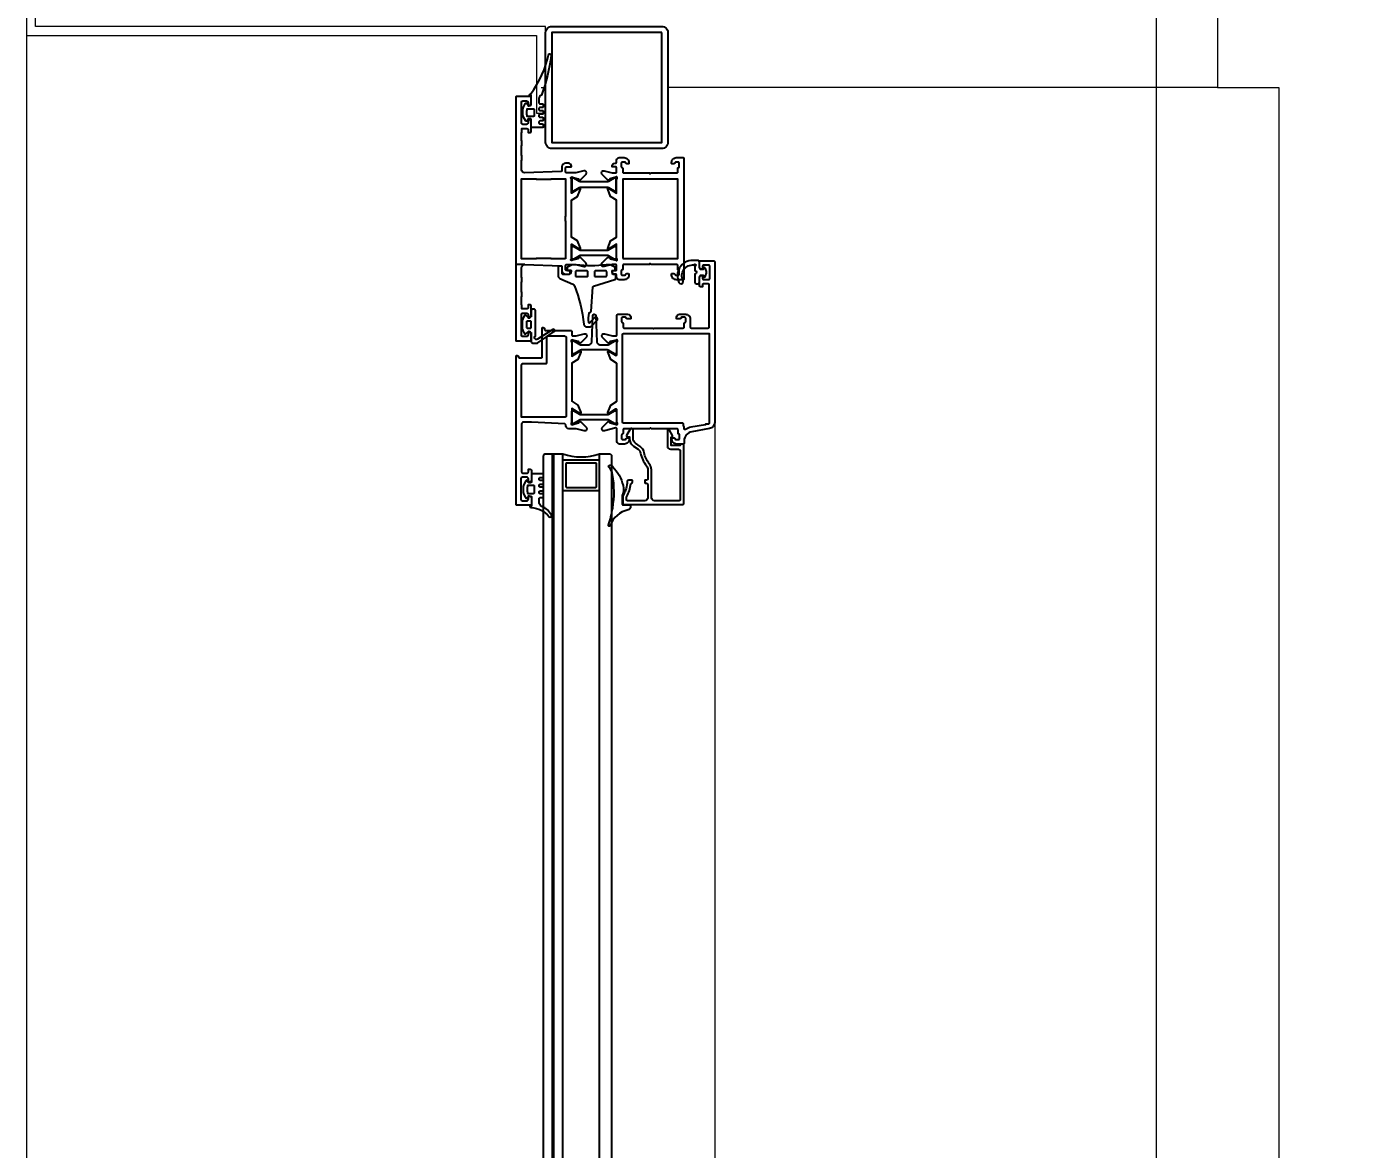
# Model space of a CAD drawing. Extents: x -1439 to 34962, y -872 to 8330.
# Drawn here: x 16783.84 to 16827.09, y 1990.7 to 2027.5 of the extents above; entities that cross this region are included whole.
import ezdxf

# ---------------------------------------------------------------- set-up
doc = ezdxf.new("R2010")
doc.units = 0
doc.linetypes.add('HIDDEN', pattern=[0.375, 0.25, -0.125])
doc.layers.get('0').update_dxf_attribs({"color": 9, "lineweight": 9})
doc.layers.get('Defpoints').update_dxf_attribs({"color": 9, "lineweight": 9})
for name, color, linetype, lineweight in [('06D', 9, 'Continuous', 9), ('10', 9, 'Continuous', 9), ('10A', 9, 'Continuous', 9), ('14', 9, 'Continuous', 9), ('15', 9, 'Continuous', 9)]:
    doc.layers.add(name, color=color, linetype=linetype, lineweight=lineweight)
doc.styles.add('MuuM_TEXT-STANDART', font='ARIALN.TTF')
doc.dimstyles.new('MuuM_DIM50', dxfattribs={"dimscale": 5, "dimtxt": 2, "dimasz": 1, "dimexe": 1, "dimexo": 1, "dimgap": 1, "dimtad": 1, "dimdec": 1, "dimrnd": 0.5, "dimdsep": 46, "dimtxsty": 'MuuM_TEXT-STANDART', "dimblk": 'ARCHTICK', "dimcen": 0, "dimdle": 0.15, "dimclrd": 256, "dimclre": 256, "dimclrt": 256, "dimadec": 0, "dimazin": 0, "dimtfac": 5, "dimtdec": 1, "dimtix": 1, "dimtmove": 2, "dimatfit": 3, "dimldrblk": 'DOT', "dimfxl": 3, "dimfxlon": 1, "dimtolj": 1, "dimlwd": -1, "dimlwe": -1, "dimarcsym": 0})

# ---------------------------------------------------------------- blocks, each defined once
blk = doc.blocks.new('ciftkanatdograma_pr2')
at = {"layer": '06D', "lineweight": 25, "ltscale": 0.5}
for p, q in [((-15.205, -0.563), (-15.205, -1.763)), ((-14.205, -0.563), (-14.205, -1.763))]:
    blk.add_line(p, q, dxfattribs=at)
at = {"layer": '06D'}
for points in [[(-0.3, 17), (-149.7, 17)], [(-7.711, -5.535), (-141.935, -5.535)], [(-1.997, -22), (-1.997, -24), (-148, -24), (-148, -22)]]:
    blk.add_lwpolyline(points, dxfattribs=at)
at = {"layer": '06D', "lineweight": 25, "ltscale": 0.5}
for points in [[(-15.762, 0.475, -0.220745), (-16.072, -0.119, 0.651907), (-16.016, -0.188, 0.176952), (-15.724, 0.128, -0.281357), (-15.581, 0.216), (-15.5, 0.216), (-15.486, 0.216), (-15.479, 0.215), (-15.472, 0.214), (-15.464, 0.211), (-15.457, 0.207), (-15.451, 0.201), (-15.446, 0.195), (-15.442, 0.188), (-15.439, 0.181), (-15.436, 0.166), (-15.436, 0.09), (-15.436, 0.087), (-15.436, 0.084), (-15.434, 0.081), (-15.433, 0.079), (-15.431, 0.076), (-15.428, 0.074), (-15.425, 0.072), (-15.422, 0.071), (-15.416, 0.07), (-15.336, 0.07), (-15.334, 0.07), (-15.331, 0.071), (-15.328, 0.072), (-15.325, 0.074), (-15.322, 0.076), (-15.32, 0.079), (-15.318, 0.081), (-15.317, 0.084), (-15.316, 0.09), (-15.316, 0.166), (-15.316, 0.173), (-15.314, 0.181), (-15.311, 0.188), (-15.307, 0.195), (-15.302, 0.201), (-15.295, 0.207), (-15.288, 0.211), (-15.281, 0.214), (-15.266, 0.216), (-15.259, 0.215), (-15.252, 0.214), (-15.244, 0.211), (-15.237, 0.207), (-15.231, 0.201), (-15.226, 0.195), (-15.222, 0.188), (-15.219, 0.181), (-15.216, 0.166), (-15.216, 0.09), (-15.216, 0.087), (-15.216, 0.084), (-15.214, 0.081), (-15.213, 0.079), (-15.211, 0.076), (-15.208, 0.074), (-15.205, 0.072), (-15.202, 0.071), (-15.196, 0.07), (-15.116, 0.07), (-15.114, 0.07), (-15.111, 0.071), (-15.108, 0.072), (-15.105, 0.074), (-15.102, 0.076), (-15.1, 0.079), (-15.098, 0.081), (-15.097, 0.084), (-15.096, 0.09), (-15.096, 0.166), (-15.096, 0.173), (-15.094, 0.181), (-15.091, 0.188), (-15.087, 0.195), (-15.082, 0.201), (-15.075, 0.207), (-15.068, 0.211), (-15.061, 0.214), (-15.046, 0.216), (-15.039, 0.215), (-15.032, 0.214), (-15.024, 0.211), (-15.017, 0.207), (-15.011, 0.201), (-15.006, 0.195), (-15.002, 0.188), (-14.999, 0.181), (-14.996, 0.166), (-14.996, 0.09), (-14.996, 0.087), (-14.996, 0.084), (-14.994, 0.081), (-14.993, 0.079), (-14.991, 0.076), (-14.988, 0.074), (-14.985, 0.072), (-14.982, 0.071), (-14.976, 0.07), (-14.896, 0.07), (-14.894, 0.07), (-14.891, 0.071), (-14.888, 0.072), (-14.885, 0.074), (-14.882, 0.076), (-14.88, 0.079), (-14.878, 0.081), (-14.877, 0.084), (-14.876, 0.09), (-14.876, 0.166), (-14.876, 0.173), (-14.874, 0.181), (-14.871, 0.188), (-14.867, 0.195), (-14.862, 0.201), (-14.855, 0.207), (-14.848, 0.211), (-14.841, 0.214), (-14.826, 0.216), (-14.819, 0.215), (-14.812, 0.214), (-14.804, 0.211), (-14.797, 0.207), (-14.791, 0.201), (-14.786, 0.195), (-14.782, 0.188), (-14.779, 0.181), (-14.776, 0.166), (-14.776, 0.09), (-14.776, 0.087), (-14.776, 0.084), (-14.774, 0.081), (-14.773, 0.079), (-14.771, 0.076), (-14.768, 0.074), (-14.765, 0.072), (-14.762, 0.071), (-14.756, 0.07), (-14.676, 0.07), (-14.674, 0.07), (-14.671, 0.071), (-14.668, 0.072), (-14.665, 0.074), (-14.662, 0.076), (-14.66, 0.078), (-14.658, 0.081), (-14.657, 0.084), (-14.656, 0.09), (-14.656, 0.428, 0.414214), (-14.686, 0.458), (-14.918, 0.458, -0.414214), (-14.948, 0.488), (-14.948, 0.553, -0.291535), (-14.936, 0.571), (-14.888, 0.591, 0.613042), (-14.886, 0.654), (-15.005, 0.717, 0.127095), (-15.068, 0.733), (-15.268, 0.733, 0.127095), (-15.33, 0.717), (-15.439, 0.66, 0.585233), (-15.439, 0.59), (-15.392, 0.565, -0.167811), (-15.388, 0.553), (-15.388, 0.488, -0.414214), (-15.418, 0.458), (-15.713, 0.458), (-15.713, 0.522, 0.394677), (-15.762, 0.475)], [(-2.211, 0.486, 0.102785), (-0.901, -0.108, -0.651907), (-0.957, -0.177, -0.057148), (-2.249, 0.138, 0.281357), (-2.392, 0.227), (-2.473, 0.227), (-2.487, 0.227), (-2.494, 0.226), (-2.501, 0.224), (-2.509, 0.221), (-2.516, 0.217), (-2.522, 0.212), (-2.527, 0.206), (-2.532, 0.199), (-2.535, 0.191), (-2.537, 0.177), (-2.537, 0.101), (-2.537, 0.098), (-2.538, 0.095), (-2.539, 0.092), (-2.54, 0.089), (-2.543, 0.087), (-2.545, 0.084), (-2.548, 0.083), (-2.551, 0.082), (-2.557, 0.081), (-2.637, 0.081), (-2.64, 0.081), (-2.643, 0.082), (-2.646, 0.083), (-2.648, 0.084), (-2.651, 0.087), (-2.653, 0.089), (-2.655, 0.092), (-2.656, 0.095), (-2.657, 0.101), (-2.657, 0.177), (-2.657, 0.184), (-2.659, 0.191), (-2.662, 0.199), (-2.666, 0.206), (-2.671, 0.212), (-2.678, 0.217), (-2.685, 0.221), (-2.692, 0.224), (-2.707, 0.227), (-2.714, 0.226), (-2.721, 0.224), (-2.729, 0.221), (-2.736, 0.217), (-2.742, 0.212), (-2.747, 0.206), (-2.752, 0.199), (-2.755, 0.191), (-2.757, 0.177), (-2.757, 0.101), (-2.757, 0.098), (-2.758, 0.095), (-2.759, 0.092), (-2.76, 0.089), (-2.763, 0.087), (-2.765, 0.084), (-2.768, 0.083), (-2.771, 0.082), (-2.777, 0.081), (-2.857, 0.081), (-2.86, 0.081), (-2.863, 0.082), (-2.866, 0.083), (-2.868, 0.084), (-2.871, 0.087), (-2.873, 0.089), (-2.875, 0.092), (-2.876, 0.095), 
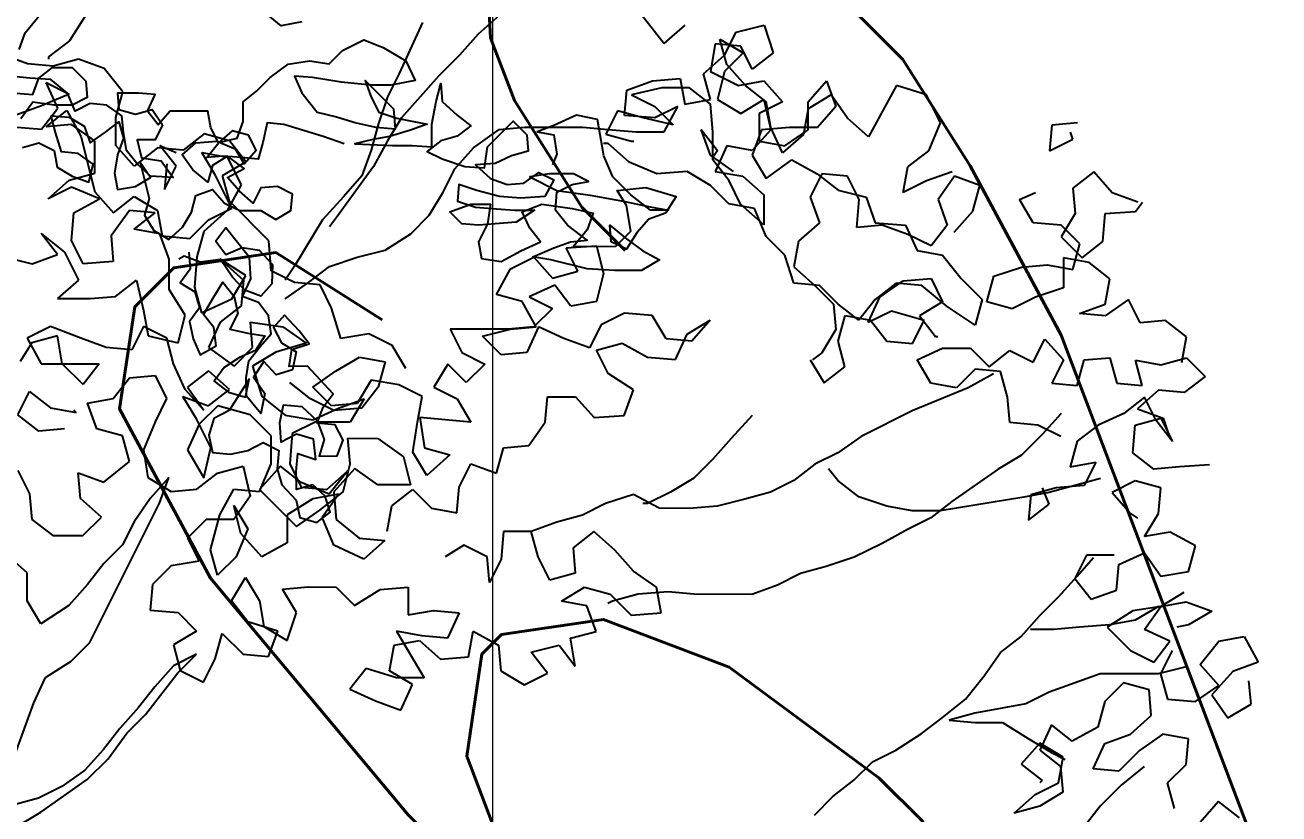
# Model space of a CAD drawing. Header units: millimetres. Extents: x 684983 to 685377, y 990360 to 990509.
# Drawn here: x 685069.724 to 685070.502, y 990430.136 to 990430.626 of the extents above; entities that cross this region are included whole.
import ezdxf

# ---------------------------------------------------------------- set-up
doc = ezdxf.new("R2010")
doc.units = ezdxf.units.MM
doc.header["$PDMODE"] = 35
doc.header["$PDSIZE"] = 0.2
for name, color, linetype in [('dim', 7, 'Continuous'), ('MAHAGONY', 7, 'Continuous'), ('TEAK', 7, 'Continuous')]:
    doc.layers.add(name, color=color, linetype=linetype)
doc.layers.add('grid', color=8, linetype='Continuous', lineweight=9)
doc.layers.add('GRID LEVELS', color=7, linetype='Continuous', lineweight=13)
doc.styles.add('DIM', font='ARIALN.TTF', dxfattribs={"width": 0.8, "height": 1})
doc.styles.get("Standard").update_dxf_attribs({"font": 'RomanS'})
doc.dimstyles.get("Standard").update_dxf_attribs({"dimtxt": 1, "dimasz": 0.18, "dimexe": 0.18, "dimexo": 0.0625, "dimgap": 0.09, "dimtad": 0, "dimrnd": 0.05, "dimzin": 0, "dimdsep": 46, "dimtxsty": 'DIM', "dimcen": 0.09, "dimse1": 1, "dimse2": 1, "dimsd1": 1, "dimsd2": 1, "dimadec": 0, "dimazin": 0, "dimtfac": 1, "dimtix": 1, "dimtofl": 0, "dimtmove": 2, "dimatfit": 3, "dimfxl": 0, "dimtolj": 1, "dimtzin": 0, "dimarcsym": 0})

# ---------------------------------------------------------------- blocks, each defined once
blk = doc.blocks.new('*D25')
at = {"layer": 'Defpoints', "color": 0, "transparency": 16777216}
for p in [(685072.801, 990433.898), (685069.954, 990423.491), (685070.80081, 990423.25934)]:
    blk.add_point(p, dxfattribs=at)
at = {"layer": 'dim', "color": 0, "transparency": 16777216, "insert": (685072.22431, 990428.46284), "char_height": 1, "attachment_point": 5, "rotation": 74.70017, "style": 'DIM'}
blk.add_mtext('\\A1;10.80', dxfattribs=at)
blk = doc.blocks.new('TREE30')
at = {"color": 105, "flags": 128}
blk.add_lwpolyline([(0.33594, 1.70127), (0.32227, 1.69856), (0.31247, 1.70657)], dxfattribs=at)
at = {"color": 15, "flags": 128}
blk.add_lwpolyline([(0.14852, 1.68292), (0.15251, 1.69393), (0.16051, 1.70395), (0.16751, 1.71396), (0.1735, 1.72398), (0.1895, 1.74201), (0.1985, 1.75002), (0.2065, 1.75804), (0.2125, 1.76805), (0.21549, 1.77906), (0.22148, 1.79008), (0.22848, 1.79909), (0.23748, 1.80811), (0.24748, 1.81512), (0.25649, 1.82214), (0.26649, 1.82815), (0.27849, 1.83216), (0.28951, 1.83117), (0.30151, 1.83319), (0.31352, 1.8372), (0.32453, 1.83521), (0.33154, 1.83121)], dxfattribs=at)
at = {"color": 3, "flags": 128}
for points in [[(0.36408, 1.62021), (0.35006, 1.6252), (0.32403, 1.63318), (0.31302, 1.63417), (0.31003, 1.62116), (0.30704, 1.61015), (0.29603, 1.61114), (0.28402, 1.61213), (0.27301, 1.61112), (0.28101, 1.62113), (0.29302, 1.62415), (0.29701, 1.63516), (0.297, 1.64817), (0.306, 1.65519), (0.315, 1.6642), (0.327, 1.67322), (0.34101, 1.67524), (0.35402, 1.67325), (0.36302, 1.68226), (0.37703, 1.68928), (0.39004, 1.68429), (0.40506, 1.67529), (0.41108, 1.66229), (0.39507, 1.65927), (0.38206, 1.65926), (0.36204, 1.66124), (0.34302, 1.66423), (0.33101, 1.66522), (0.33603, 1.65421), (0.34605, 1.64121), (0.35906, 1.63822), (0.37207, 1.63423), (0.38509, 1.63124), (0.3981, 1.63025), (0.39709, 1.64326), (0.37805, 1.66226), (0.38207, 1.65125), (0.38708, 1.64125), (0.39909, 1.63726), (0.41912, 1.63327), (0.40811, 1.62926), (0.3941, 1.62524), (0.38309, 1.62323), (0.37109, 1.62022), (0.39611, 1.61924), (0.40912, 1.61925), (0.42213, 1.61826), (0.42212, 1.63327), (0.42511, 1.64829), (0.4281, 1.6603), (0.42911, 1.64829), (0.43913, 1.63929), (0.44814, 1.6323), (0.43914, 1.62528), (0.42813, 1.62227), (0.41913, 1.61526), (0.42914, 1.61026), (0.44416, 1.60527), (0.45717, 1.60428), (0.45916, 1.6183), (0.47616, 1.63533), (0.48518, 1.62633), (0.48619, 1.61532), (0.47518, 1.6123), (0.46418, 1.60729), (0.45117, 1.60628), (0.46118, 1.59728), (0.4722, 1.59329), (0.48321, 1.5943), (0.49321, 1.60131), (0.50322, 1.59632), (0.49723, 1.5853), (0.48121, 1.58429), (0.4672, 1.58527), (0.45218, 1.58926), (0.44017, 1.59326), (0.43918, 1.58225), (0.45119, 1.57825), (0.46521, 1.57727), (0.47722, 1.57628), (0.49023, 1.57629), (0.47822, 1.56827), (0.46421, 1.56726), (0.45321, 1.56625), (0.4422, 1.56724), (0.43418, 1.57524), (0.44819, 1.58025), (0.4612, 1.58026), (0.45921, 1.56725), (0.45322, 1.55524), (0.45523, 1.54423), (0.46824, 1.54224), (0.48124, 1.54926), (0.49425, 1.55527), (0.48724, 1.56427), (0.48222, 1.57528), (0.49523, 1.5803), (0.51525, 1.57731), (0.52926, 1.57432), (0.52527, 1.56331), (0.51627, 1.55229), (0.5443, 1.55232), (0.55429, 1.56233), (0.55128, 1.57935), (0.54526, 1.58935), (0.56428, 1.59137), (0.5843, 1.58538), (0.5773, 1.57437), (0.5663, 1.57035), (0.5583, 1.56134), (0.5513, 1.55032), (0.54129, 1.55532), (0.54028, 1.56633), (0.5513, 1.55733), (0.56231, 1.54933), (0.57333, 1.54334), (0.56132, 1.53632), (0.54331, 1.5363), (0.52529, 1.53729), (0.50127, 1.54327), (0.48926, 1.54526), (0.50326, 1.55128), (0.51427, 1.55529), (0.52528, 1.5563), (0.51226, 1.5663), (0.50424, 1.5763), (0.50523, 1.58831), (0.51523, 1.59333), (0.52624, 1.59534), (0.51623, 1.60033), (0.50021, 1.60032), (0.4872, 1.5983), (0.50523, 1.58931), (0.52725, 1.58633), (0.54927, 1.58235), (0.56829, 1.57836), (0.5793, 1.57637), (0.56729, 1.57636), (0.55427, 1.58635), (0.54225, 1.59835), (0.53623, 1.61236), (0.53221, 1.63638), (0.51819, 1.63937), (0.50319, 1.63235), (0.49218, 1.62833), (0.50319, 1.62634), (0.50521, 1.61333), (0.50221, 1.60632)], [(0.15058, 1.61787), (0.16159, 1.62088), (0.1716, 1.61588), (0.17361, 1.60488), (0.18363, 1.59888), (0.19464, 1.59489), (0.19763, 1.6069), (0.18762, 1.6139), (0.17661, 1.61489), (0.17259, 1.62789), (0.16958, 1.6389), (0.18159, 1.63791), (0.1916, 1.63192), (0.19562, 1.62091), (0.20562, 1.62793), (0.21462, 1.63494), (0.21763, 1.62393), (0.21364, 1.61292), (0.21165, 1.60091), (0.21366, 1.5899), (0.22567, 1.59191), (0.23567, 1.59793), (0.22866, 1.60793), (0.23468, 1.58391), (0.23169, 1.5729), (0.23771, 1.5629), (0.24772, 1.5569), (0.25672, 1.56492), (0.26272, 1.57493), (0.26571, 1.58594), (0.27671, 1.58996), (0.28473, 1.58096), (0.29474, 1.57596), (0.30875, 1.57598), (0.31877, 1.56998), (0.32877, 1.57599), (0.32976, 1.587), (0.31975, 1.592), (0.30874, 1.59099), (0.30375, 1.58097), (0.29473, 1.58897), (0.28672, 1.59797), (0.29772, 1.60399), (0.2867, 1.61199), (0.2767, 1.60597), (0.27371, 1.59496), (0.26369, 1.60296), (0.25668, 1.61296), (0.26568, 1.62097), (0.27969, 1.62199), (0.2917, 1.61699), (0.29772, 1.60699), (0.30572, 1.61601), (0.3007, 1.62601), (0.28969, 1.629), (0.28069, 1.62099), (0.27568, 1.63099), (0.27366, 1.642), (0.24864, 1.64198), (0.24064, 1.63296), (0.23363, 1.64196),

____

### Your assignment
Of the entries above, transcribe exactly those lines that fall between the line containing "doc.linetypes.add('HIDDEN', pattern=[0.375, 0.25, -0.125])" and the line containing "doc.styles.add('MuuM_TEXT-STANDART', font='ARIALN.TTF')", together with those two lines.

### Task result
doc.linetypes.add('HIDDEN', pattern=[0.375, 0.25, -0.125])
doc.layers.get('0').update_dxf_attribs({"color": 9, "lineweight": 9})
doc.layers.get('Defpoints').update_dxf_attribs({"color": 9, "lineweight": 9})
for name, color, linetype, lineweight in [('06D', 9, 'Continuous', 9), ('10', 9, 'Continuous', 9), ('10A', 9, 'Continuous', 9), ('14', 9, 'Continuous', 9), ('15', 9, 'Continuous', 9)]:
    doc.layers.add(name, color=color, linetype=linetype, lineweight=lineweight)
doc.styles.add('MuuM_TEXT-STANDART', font='ARIALN.TTF')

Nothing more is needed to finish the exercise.